#### [Task directions]
Return exactly the span of lines in the following data that opens with the line containing "# Drawn here: x" and closes with the line containing "layer by layer". Include nothing else.

Collected data:
###

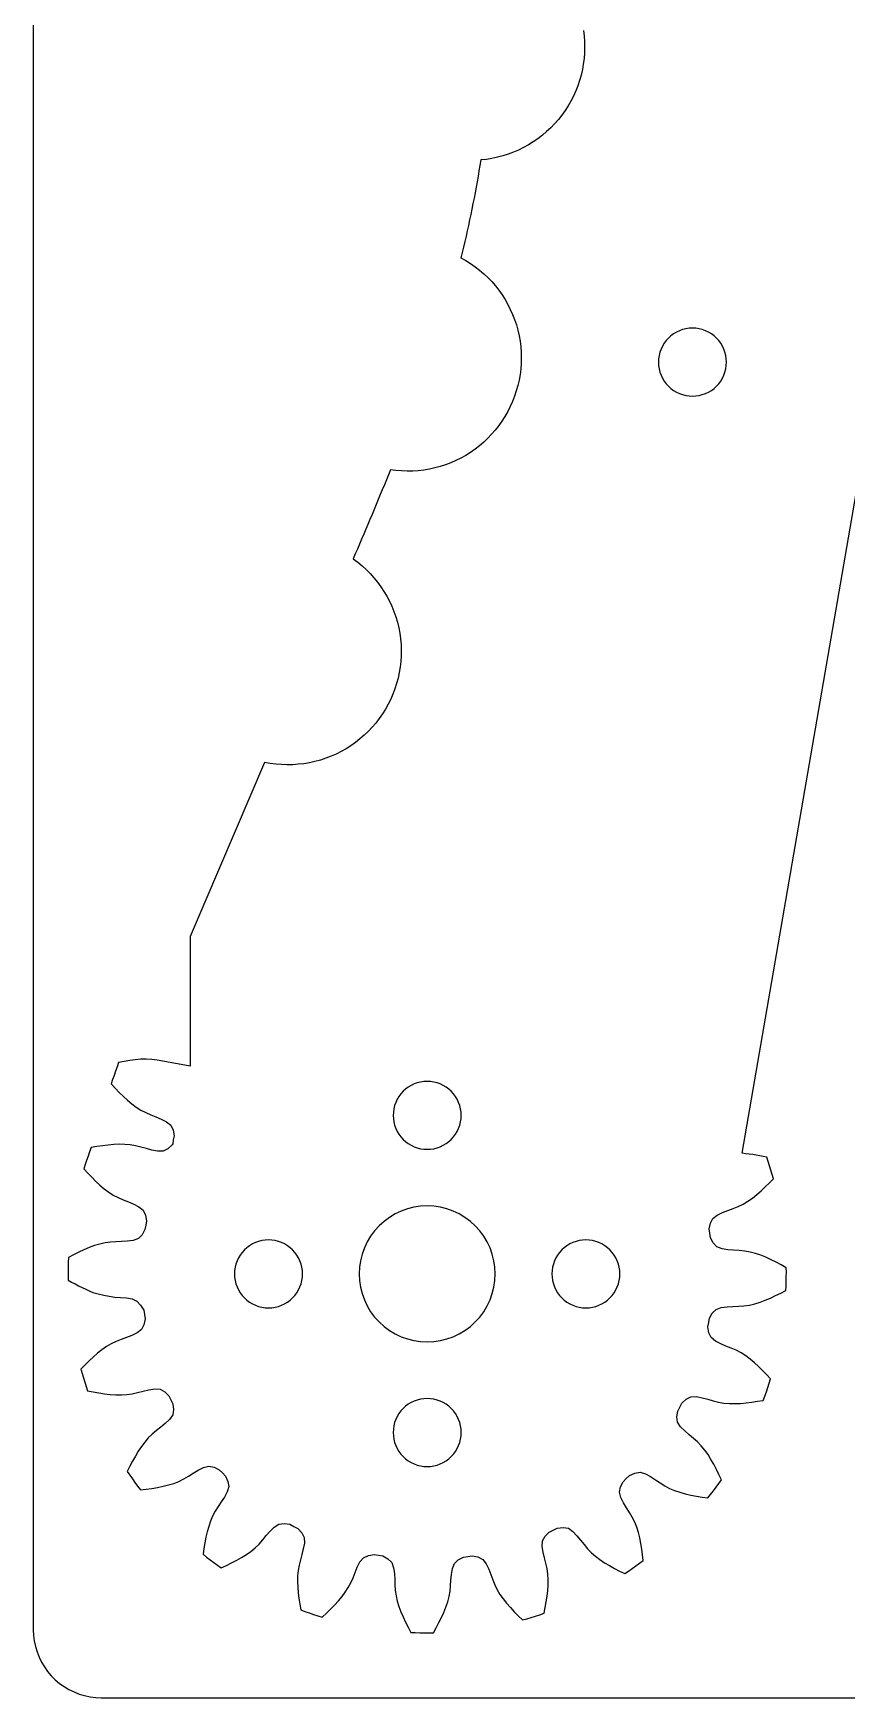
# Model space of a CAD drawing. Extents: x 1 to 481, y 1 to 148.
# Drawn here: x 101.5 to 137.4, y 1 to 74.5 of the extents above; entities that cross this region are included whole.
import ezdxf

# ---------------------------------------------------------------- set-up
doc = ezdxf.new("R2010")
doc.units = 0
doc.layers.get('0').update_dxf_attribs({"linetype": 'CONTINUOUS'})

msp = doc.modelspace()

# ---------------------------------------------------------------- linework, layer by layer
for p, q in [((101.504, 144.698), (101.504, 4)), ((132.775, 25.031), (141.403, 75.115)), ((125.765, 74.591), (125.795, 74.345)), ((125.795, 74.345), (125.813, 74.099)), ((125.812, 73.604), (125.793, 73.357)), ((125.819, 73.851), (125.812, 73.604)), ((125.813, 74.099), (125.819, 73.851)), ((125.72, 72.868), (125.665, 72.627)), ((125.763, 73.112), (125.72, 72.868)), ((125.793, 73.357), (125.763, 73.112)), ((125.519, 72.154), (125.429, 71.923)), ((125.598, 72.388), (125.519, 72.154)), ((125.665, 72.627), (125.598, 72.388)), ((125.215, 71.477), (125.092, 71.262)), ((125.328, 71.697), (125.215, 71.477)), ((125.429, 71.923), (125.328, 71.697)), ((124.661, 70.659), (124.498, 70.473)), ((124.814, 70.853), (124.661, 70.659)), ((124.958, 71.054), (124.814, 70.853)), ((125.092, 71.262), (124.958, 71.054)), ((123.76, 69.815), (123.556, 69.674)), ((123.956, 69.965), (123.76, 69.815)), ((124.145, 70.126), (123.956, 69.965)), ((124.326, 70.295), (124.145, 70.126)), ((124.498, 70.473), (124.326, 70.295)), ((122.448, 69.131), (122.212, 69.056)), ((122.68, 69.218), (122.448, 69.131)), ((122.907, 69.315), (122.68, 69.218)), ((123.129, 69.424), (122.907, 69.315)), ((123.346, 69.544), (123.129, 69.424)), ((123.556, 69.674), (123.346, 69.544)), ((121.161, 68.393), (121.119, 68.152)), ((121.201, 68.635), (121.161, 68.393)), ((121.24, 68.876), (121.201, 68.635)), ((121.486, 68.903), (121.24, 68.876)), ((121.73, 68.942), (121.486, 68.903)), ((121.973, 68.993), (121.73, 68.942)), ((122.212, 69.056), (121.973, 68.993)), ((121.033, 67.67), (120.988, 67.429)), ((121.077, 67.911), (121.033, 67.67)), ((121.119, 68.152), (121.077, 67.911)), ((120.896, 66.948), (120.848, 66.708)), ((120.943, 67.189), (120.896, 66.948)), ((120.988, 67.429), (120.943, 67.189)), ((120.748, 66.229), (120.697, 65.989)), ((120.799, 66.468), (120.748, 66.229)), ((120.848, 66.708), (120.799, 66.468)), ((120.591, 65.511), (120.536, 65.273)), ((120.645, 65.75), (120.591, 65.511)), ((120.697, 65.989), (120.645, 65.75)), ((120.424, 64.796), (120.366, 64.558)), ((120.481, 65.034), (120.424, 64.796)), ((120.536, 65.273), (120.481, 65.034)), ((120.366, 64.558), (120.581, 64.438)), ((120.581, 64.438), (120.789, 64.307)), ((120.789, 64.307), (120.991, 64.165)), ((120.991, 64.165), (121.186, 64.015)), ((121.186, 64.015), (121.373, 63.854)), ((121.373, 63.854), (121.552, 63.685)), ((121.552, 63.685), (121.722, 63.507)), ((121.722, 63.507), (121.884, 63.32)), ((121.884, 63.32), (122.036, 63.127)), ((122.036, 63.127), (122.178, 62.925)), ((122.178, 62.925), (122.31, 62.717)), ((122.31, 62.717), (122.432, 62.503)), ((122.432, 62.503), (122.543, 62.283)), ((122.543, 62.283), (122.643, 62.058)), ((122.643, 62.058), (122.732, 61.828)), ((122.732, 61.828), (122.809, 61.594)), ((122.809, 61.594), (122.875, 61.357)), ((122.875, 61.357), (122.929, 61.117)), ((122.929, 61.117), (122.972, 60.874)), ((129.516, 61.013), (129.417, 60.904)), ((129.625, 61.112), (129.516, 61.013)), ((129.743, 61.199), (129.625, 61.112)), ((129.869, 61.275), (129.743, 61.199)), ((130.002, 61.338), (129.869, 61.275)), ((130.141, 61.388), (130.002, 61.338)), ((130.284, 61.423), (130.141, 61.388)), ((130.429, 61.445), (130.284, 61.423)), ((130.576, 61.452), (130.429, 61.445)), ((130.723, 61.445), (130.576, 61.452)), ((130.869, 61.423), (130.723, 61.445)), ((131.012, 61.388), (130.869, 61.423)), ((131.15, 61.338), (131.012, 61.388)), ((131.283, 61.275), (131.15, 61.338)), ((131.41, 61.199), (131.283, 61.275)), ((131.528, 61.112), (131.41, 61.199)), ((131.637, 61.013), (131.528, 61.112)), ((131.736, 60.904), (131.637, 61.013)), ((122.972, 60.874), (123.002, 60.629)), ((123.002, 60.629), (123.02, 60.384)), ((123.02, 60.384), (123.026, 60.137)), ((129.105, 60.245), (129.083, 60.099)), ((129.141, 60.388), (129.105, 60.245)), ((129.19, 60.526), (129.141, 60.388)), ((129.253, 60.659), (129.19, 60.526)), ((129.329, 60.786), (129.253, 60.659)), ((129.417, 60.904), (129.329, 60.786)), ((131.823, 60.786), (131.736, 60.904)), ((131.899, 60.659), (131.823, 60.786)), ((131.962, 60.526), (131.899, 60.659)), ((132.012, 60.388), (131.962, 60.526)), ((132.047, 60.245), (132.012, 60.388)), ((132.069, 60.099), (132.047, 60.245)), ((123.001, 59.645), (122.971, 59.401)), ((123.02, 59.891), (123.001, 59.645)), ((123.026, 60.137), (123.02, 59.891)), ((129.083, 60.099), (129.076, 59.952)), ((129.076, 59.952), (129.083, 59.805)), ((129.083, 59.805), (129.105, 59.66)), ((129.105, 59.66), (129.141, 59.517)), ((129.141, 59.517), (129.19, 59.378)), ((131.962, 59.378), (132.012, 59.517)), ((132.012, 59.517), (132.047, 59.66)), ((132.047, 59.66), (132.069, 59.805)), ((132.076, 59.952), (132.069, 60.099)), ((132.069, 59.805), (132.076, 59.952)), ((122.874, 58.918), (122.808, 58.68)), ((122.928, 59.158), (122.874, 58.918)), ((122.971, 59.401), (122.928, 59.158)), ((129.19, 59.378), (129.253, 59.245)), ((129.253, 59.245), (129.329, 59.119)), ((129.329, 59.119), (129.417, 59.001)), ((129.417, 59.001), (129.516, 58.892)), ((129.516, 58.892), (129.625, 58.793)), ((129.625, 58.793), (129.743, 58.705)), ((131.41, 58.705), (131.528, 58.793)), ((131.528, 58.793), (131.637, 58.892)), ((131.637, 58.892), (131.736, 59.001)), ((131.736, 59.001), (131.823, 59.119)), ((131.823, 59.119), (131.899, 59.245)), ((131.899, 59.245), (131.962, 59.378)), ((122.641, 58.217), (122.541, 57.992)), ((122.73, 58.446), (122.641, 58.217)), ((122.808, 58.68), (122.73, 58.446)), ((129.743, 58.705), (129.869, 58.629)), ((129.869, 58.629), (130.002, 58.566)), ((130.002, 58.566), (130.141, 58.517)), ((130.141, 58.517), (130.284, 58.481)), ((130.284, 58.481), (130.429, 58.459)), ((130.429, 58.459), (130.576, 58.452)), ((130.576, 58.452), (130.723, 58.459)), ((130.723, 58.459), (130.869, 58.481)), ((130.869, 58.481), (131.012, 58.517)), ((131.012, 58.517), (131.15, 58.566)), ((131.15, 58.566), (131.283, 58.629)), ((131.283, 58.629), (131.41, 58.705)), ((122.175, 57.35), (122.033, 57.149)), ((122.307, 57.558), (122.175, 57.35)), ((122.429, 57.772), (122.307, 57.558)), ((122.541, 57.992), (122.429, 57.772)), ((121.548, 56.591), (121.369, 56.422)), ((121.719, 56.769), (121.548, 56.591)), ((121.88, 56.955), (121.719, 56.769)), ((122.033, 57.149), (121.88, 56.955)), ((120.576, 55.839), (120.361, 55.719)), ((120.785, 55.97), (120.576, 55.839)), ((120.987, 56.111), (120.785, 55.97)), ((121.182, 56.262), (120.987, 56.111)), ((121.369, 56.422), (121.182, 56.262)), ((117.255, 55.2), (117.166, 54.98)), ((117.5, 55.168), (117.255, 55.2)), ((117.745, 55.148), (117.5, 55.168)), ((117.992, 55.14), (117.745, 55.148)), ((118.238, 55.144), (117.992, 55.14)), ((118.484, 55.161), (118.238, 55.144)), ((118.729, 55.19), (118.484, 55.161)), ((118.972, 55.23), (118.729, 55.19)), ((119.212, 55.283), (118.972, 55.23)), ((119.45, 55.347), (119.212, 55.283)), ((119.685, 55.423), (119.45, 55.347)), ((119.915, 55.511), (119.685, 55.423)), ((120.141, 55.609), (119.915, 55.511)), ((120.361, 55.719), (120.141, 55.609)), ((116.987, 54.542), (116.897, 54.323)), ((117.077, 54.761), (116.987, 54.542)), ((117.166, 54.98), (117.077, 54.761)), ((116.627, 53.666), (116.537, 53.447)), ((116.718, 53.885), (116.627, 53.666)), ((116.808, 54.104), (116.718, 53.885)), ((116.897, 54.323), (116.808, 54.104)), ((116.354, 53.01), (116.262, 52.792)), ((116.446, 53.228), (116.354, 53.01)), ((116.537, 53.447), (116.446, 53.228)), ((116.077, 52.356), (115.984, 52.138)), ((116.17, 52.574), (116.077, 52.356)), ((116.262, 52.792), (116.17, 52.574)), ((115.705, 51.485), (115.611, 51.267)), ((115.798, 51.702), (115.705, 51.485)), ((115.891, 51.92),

###

#### [Finished task]
# Drawn here: x 101.5 to 137.4, y 1 to 74.5 of the extents above; entities that cross this region are included whole.
import ezdxf

# ---------------------------------------------------------------- set-up
doc = ezdxf.new("R2010")
doc.units = 0
doc.layers.get('0').update_dxf_attribs({"linetype": 'CONTINUOUS'})

msp = doc.modelspace()

# ---------------------------------------------------------------- linework, layer by layer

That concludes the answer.